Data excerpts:
- - - - - - -

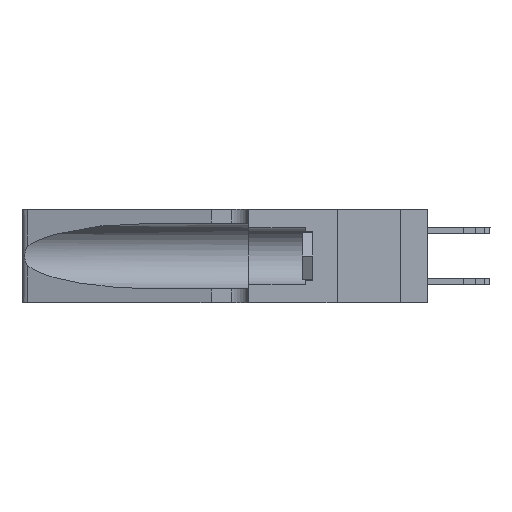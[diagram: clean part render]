
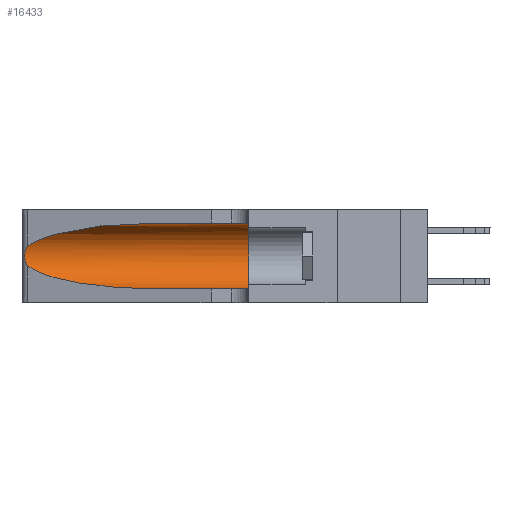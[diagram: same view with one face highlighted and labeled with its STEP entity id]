
A CAD part, left-side view. The second image highlights one B-rep face of the part: STEP entity #16433.
In plain terms, the highlighted cylindrical face has radius 3.308 mm (diameter 6.617 mm), a partial arc.
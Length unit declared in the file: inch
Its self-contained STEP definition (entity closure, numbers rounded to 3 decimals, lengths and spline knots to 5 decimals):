
#481 = VERTEX_POINT ( 'NONE', #8709 ) ;
#1414 = ORIENTED_EDGE ( 'NONE', *, *, #4972, .T. ) ;
#1562 = ORIENTED_EDGE ( 'NONE', *, *, #15373, .F. ) ;
#1621 = CARTESIAN_POINT ( 'NONE',  ( 0.25487, 1.22718, 0.14631 ) ) ;
#2223 = VERTEX_POINT ( 'NONE', #8364 ) ;
#2256 = CARTESIAN_POINT ( 'NONE',  ( 0.1305, 0.72297, 0.31525 ) ) ;
#2763 = DIRECTION ( 'NONE',  ( 0., -1., 0. ) ) ;
#3466 = CARTESIAN_POINT ( 'NONE',  ( 0.25854, 1.2359, 0.20912 ) ) ;
#3637 = CARTESIAN_POINT ( 'NONE',  ( 0.26017, 1.23833, 0.17102 ) ) ;
#4418 = LINE ( 'NONE', #9689, #6641 ) ;
#4656 = ORIENTED_EDGE ( 'NONE', *, *, #5504, .T. ) ;
#4712 = CARTESIAN_POINT ( 'NONE',  ( 0.18966, 0.96281, 0.31525 ) ) ;
#4972 = EDGE_CURVE ( 'NONE', #10860, #481, #8448, .T. ) ;
#5179 = CARTESIAN_POINT ( 'NONE',  ( 0.1305, 0.72297, 0.05475 ) ) ;
#5449 = DIRECTION ( 'NONE',  ( 0., 1., 0. ) ) ;
#5504 = EDGE_CURVE ( 'NONE', #9190, #10860, #20997, .T. ) ;
#6409 = ORIENTED_EDGE ( 'NONE', *, *, #17805, .T. ) ;
#6641 = VECTOR ( 'NONE', #12212, 39.37008 ) ;
#7268 = CIRCLE ( 'NONE', #16197, 0.13025 ) ;
#7381 = CARTESIAN_POINT ( 'NONE',  ( 0.2373, 1.15595, 0.08982 ) ) ;
#7429 = CARTESIAN_POINT ( 'NONE',  ( 0.25487, 1.22718, 0.22369 ) ) ;
#8333 = VERTEX_POINT ( 'NONE', #17781 ) ;
#8364 = CARTESIAN_POINT ( 'NONE',  ( 0.1305, 0.72297, 0.31525 ) ) ;
#8448 = LINE ( 'NONE', #11025, #9739 ) ;
#8625 = ORIENTED_EDGE ( 'NONE', *, *, #15473, .F. ) ;
#8709 = CARTESIAN_POINT ( 'NONE',  ( 0.1305, 0.35, 0.05475 ) ) ;
#8797 = FACE_OUTER_BOUND ( 'NONE', #8901, .T. ) ;
#8901 = EDGE_LOOP ( 'NONE', ( #9419, #6409, #4656, #1414, #1562, #8625 ) ) ;
#9190 = VERTEX_POINT ( 'NONE', #25179 ) ;
#9419 = ORIENTED_EDGE ( 'NONE', *, *, #15764, .T. ) ;
#9554 = CARTESIAN_POINT ( 'NONE',  ( 0.26075, 1.23896, 0.178 ) ) ;
#9689 = CARTESIAN_POINT ( 'NONE',  ( 0.1305, 1.61858, 0.31525 ) ) ;
#9739 = VECTOR ( 'NONE', #15390, 39.37008 ) ;
#10659 =( BOUNDED_CURVE ( )  B_SPLINE_CURVE ( 3, ( #2256, #4712, #15074, #18772 ),
 .UNSPECIFIED., .F., .T. ) 
 B_SPLINE_CURVE_WITH_KNOTS ( ( 4, 4 ),
 ( 1.5708, 2.84003 ),
 .UNSPECIFIED. ) 
 CURVE ( )  GEOMETRIC_REPRESENTATION_ITEM ( )  RATIONAL_B_SPLINE_CURVE ( ( 1., 0.87, 0.87, 1. ) ) 
 REPRESENTATION_ITEM ( '' )  );
#10860 = VERTEX_POINT ( 'NONE', #13746 ) ;
#11025 = CARTESIAN_POINT ( 'NONE',  ( 0.1305, 1.61858, 0.05475 ) ) ;
#11564 = CARTESIAN_POINT ( 'NONE',  ( 0.25789, 1.23486, 0.15765 ) ) ;
#12212 = DIRECTION ( 'NONE',  ( 0., -1., 0. ) ) ;
#13589 = CARTESIAN_POINT ( 'NONE',  ( 0.25639, 1.23186, 0.15144 ) ) ;
#13679 = CARTESIAN_POINT ( 'NONE',  ( 0.25555, 1.22994, 0.2215 ) ) ;
#13746 = CARTESIAN_POINT ( 'NONE',  ( 0.1305, 0.72297, 0.05475 ) ) ;
#15074 = CARTESIAN_POINT ( 'NONE',  ( 0.2373, 1.15595, 0.28018 ) ) ;
#15373 = EDGE_CURVE ( 'NONE', #8333, #481, #7268, .T. ) ;
#15390 = DIRECTION ( 'NONE',  ( 0., -1., 0. ) ) ;
#15473 = EDGE_CURVE ( 'NONE', #2223, #8333, #4418, .T. ) ;
#15764 = EDGE_CURVE ( 'NONE', #2223, #25933, #10659, .T. ) ;
#16197 = AXIS2_PLACEMENT_3D ( 'NONE', #17475, #5449, #17825 ) ;
#16433 = ADVANCED_FACE ( 'NONE', ( #8797 ), #24212, .F. ) ;
#17475 = CARTESIAN_POINT ( 'NONE',  ( 0.1305, 0.35, 0.185 ) ) ;
#17596 = CARTESIAN_POINT ( 'NONE',  ( 0.25555, 1.22993, 0.14849 ) ) ;
#17688 = CARTESIAN_POINT ( 'NONE',  ( 0.25639, 1.23184, 0.21858 ) ) ;
#17781 = CARTESIAN_POINT ( 'NONE',  ( 0.1305, 0.35, 0.31525 ) ) ;
#17805 = EDGE_CURVE ( 'NONE', #25933, #9190, #22746, .T. ) ;
#17825 = DIRECTION ( 'NONE',  ( 0., 0., 1. ) ) ;
#18380 = DIRECTION ( 'NONE',  ( 0., 0., -1. ) ) ;
#18772 = CARTESIAN_POINT ( 'NONE',  ( 0.25487, 1.22718, 0.22369 ) ) ;
#19418 = CARTESIAN_POINT ( 'NONE',  ( 0.25487, 1.22718, 0.14631 ) ) ;
#19546 = CARTESIAN_POINT ( 'NONE',  ( 0.26018, 1.23835, 0.19895 ) ) ;
#20615 = CARTESIAN_POINT ( 'NONE',  ( 0.25487, 1.22718, 0.22369 ) ) ;
#20997 =( BOUNDED_CURVE ( )  B_SPLINE_CURVE ( 3, ( #19418, #7381, #23210, #5179 ),
 .UNSPECIFIED., .F., .F. ) 
 B_SPLINE_CURVE_WITH_KNOTS ( ( 4, 4 ),
 ( 3.44316, 4.71239 ),
 .UNSPECIFIED. ) 
 CURVE ( )  GEOMETRIC_REPRESENTATION_ITEM ( )  RATIONAL_B_SPLINE_CURVE ( ( 1., 0.87, 0.87, 1. ) ) 
 REPRESENTATION_ITEM ( '' )  );
#21562 = CARTESIAN_POINT ( 'NONE',  ( 0.26075, 1.23896, 0.19203 ) ) ;
#22719 = CARTESIAN_POINT ( 'NONE',  ( 0.1305, 1.61858, 0.185 ) ) ;
#22746 = B_SPLINE_CURVE_WITH_KNOTS ( 'NONE', 3,
 ( #7429, #13679, #17688, #25670, #3466, #19546, #21562, #9554, #3637, #23613, #11564, #13589, #17596, #1621 ),
 .UNSPECIFIED., .F., .F.,
 ( 4, 2, 2, 2, 2, 2, 4 ),
 ( 0., 0.00027, 0.00053, 0.00107, 0.0016, 0.00187, 0.00214 ),
 .UNSPECIFIED. ) ;
#23210 = CARTESIAN_POINT ( 'NONE',  ( 0.18966, 0.96281, 0.05475 ) ) ;
#23613 = CARTESIAN_POINT ( 'NONE',  ( 0.25856, 1.23593, 0.16098 ) ) ;
#24207 = AXIS2_PLACEMENT_3D ( 'NONE', #22719, #2763, #18380 ) ;
#24212 = CYLINDRICAL_SURFACE ( 'NONE', #24207, 0.13025 ) ;
#25179 = CARTESIAN_POINT ( 'NONE',  ( 0.25487, 1.22718, 0.14631 ) ) ;
#25670 = CARTESIAN_POINT ( 'NONE',  ( 0.25787, 1.23484, 0.2124 ) ) ;
#25933 = VERTEX_POINT ( 'NONE', #20615 ) ;

- - - - - - -

▶ [EXERCISE DETAILS] All that is wanted is a faithful reproduction of the line above with "#22746 = B_SPLINE_CURVE_WITH_KNOTS", the line with "#24207 = AXIS2_PLACEMENT_3D", and every line in between.

▶ [REPLY]
#22746 = B_SPLINE_CURVE_WITH_KNOTS ( 'NONE', 3,
 ( #7429, #13679, #17688, #25670, #3466, #19546, #21562, #9554, #3637, #23613, #11564, #13589, #17596, #1621 ),
 .UNSPECIFIED., .F., .F.,
 ( 4, 2, 2, 2, 2, 2, 4 ),
 ( 0., 0.00027, 0.00053, 0.00107, 0.0016, 0.00187, 0.00214 ),
 .UNSPECIFIED. ) ;
#23210 = CARTESIAN_POINT ( 'NONE',  ( 0.18966, 0.96281, 0.05475 ) ) ;
#23613 = CARTESIAN_POINT ( 'NONE',  ( 0.25856, 1.23593, 0.16098 ) ) ;
#24207 = AXIS2_PLACEMENT_3D ( 'NONE', #22719, #2763, #18380 ) ;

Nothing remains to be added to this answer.